The skill guides you through a four-phase workflow: measure (cProfile, line and memory profilers, benchmarking), analyze (complexity, data-structure choices, I/O hotspots), optimize (algorithm changes, caching, generators, vectorization, parallelism), and validate (re-profile and benchmark). It identifies hot paths, recommends replacement patterns (e.g., list→set, comprehensions, @lru_cache), and suggests when to adopt compiled extensions or parallelism.

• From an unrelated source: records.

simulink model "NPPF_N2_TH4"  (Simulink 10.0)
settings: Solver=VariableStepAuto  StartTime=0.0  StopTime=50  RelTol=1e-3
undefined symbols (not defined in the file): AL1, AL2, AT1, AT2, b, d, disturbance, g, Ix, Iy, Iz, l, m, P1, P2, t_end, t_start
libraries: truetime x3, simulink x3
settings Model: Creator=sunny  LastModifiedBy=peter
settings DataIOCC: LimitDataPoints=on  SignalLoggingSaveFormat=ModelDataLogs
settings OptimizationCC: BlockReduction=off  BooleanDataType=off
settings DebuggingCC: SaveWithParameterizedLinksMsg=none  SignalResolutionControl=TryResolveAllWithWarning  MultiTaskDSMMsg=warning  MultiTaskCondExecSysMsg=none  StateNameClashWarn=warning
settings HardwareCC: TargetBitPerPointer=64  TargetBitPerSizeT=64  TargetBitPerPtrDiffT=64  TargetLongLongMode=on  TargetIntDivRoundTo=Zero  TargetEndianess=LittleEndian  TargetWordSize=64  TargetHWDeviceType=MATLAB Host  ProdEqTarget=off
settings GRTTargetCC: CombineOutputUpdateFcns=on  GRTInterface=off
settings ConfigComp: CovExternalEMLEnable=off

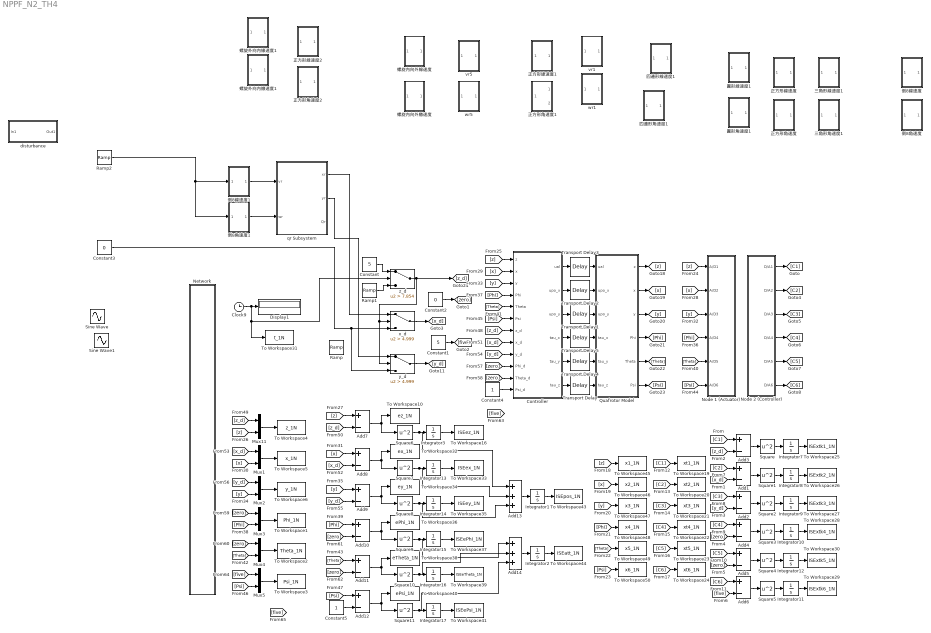
== system NPPF_N2_TH4 ==
  Add{1..12} (12 alike) : Sum  Inputs=+-
  Add13 : Sum  Inputs=+++
  Add14 : Sum  Inputs=+++
  Clock9 : Clock
  Constant : Constant  Value=5
  Constant1 : Constant  Value=5
  Constant2 : Constant  Value=0
  Constant3 : Constant  Value=0
  Constant4 : Constant
  Constant5 : Constant
  Controller : Subsystem
  Display1 : Display
  Integrator{1..3,7..17} (14 alike) : Integrator
  Mux{1..5,11} (6 alike) : Mux  Inputs=2
  Network : Subsystem
  Node 1 (Actuator) : Subsystem
  Node 2 (Controller) : Subsystem
  Quafrotor Model : Subsystem
  Ramp : simulink/Sources/Ramp  slope=0.5858/7.854  start=0  InitialOutput=0
  Ramp1 : simulink/Sources/Ramp  slope=5/7.854  start=0  InitialOutput=0
  Ramp2 : simulink/Sources/Ramp  slope=1  start=0  InitialOutput=0
  Sine Wave : Sin  Amplitude=2  Bias=2  Frequency=0.5  Phase=pi/2  SampleTime=0
  Sine Wave1 : Sin  Amplitude=2  Bias=2  Frequency=0.5  SampleTime=0
  Square{,1..11} (12 alike) : Math  Operator=square  SaturateOnIntegerOverflow=on
  To Workspace1 : ToWorkspace  VariableName=Phi_1N  SampleTime=-1
  To Workspace10 : ToWorkspace  VariableName=ez_1N  SampleTime=-1
  To Workspace16 : ToWorkspace  VariableName=ISEez_1N  SampleTime=-1
  To Workspace19 : ToWorkspace  VariableName=xt1_1N  SampleTime=-1
  To Workspace2 : ToWorkspace  VariableName=Theta_1N  SampleTime=-1
  To Workspace20 : ToWorkspace  VariableName=xt2_1N  SampleTime=-1
  To Workspace21 : ToWorkspace  VariableName=xt3_1N  SampleTime=-1
  To Workspace22 : ToWorkspace  VariableName=xt4_1N  SampleTime=-1
  To Workspace23 : ToWorkspace  VariableName=xt5_1N  SampleTime=-1
  To Workspace24 : ToWorkspace  VariableName=xt6_1N  SampleTime=-1
  To Workspace25 : ToWorkspace  VariableName=ISExtk1_1N  SampleTime=-1
  To Workspace26 : ToWorkspace  VariableName=ISExtk2_1N  SampleTime=-1
  To Workspace27 : ToWorkspace  VariableName=ISExtk3_1N  SampleTime=-1
  To Workspace28 : ToWorkspace  VariableName=ISExtk4_1N  SampleTime=-1
  To Workspace29 : ToWorkspace  VariableName=ISExtk6_1N  SampleTime=-1
  To Workspace3 : ToWorkspace  VariableName=Psi_1N  SampleTime=-1
  To Workspace30 : ToWorkspace  VariableName=ISExtk5_1N  SampleTime=-1
  To Workspace31 : ToWorkspace  VariableName=t_1N  SampleTime=-1
  To Workspace32 : ToWorkspace  VariableName=ex_1N  SampleTime=-1
  To Workspace33 : ToWorkspace  VariableName=ISEex_1N  SampleTime=-1
  To Workspace34 : ToWorkspace  VariableName=ey_1N  SampleTime=-1
  To Workspace35 : ToWorkspace  VariableName=ISEey_1N  SampleTime=-1
  To Workspace36 : ToWorkspace  VariableName=ePhi_1N  SampleTime=-1
  To Workspace37 : ToWorkspace  VariableName=ISEePhi_1N  SampleTime=-1
  To Workspace38 : ToWorkspace  VariableName=eTheta_1N  SampleTime=-1
  To Workspace39 : ToWorkspace  VariableName=ISEeTheta_1N  SampleTime=-1
  To Workspace4 : ToWorkspace  VariableName=z_1N  SampleTime=-1
  To Workspace40 : ToWorkspace  VariableName=ePsi_1N  SampleTime=-1
  To Workspace41 : ToWorkspace  VariableName=ISEePsi_1N  SampleTime=-1
  To Workspace43 : ToWorkspace  VariableName=ISEpos_1N  SampleTime=-1
  To Workspace44 : ToWorkspace  VariableName=ISEatt_1N  SampleTime=-1
  To Workspace45 : ToWorkspace  VariableName=x1_1N  SampleTime=-1
  To Workspace46 : ToWorkspace  VariableName=x2_1N  SampleTime=-1
  To Workspace47 : ToWorkspace  VariableName=x3_1N  SampleTime=-1
  To Workspace48 : ToWorkspace  VariableName=x4_1N  SampleTime=-1
  To Workspace49 : ToWorkspace  VariableName=x5_1N  SampleTime=-1
  To Workspace5 : ToWorkspace  VariableName=x_1N  SampleTime=-1
  To Workspace50 : ToWorkspace  VariableName=x6_1N  SampleTime=-1
  To Workspace6 : ToWorkspace  VariableName=y_1N  SampleTime=-1
  Transport Delay{,1..5} (6 alike) : TransportDelay
  disturbance : Subsystem
  qr Subsystem : Subsystem
  vr1 : Subsystem
  vr5 : Subsystem
  wr1 : Subsystem
  wr5 : Subsystem
  x_d : Switch  Criteria=u2 > Threshold  Threshold=4.999
  y_d : Switch  Criteria=u2 > Threshold  Threshold=4.999
  z_d : Switch  Criteria=u2 > Threshold  Threshold=7.854
  三角形線速度1 : Subsystem
  三角形角速度1 : Subsystem
  倒8線速度 : Subsystem
  倒8線速度1 : Subsystem
  倒8角速度 : Subsystem
  倒8角速度1 : Subsystem
  四邊形線速度1 : Subsystem
  四邊形角速度1 : Subsystem
  圓形線速度1 : Subsystem
  圓形角速度1 : Subsystem
  正方形線速度 : Subsystem
  正方形線速度1 : Subsystem
  正方形線速度2 : Subsystem
  正方形角速度 : Subsystem
  正方形角速度1 : Subsystem
  正方形角速度2 : Subsystem
  螺旋內向外線速度 : Subsystem
  螺旋內向外繳速度 : Subsystem
  螺旋外向內線速度1 : Subsystem
  螺旋外向內繳速度1 : Subsystem
  wires:
  Ramp1/1 -> z_d/3
  Constant/1 -> z_d/1
  Clock9/1 -> To Workspace31/1, z_d/2, Display1/1
  Controller/1(ual) -> Transport Delay3/1
  Controller/6(tau_z) -> Transport Delay/1
  Controller/5(tau_y) -> Transport Delay4/1
  Controller/4(tau_x) -> Transport Delay5/1
  Controller/3(upo_y) -> Transport Delay1/1
  Controller/2(upo_x) -> Transport Delay2/1
  Mux11/1 -> To Workspace4/1
  Integrator7/1 -> To Workspace25/1
  Square/1 -> Integrator7/1
  Add3/1 -> Square/1
  Add1/1 -> Square1/1
  Square1/1 -> Integrator8/1
  Integrator8/1 -> To Workspace26/1
  Square2/1 -> Integrator9/1
  Integrator9/1 -> To Workspace27/1
  Add2/1 -> Square2/1
  Integrator10/1 -> To Workspace28/1
  Square3/1 -> Integrator10/1
  Add4/1 -> Square3/1
  Add5/1 -> Square4/1
  Square4/1 -> Integrator12/1
  Integrator12/1 -> To Workspace30/1
  Add6/1 -> Square5/1
  Integrator11/1 -> To Workspace29/1
  Square5/1 -> Integrator11/1
  Integrator3/1 -> To Workspace16/1
  Square6/1 -> Add13/1, Integrator3/1
  Add7/1 -> Square6/1, To Workspace10/1
  Square7/1 -> Add13/2, Integrator13/1
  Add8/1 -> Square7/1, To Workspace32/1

What profiler should I start with?
Begin with cProfile to find slow functions, then use line_profiler for line-level hotspots and a memory profiler for allocation issues.
When should I use NumPy vs Numba vs multiprocessing?
Use NumPy to vectorize array computations; use Numba for JIT-compiling tight numerical loops that can’t be vectorized; use multiprocessing for coarse-grained CPU-bound tasks that parallelize across data partitions.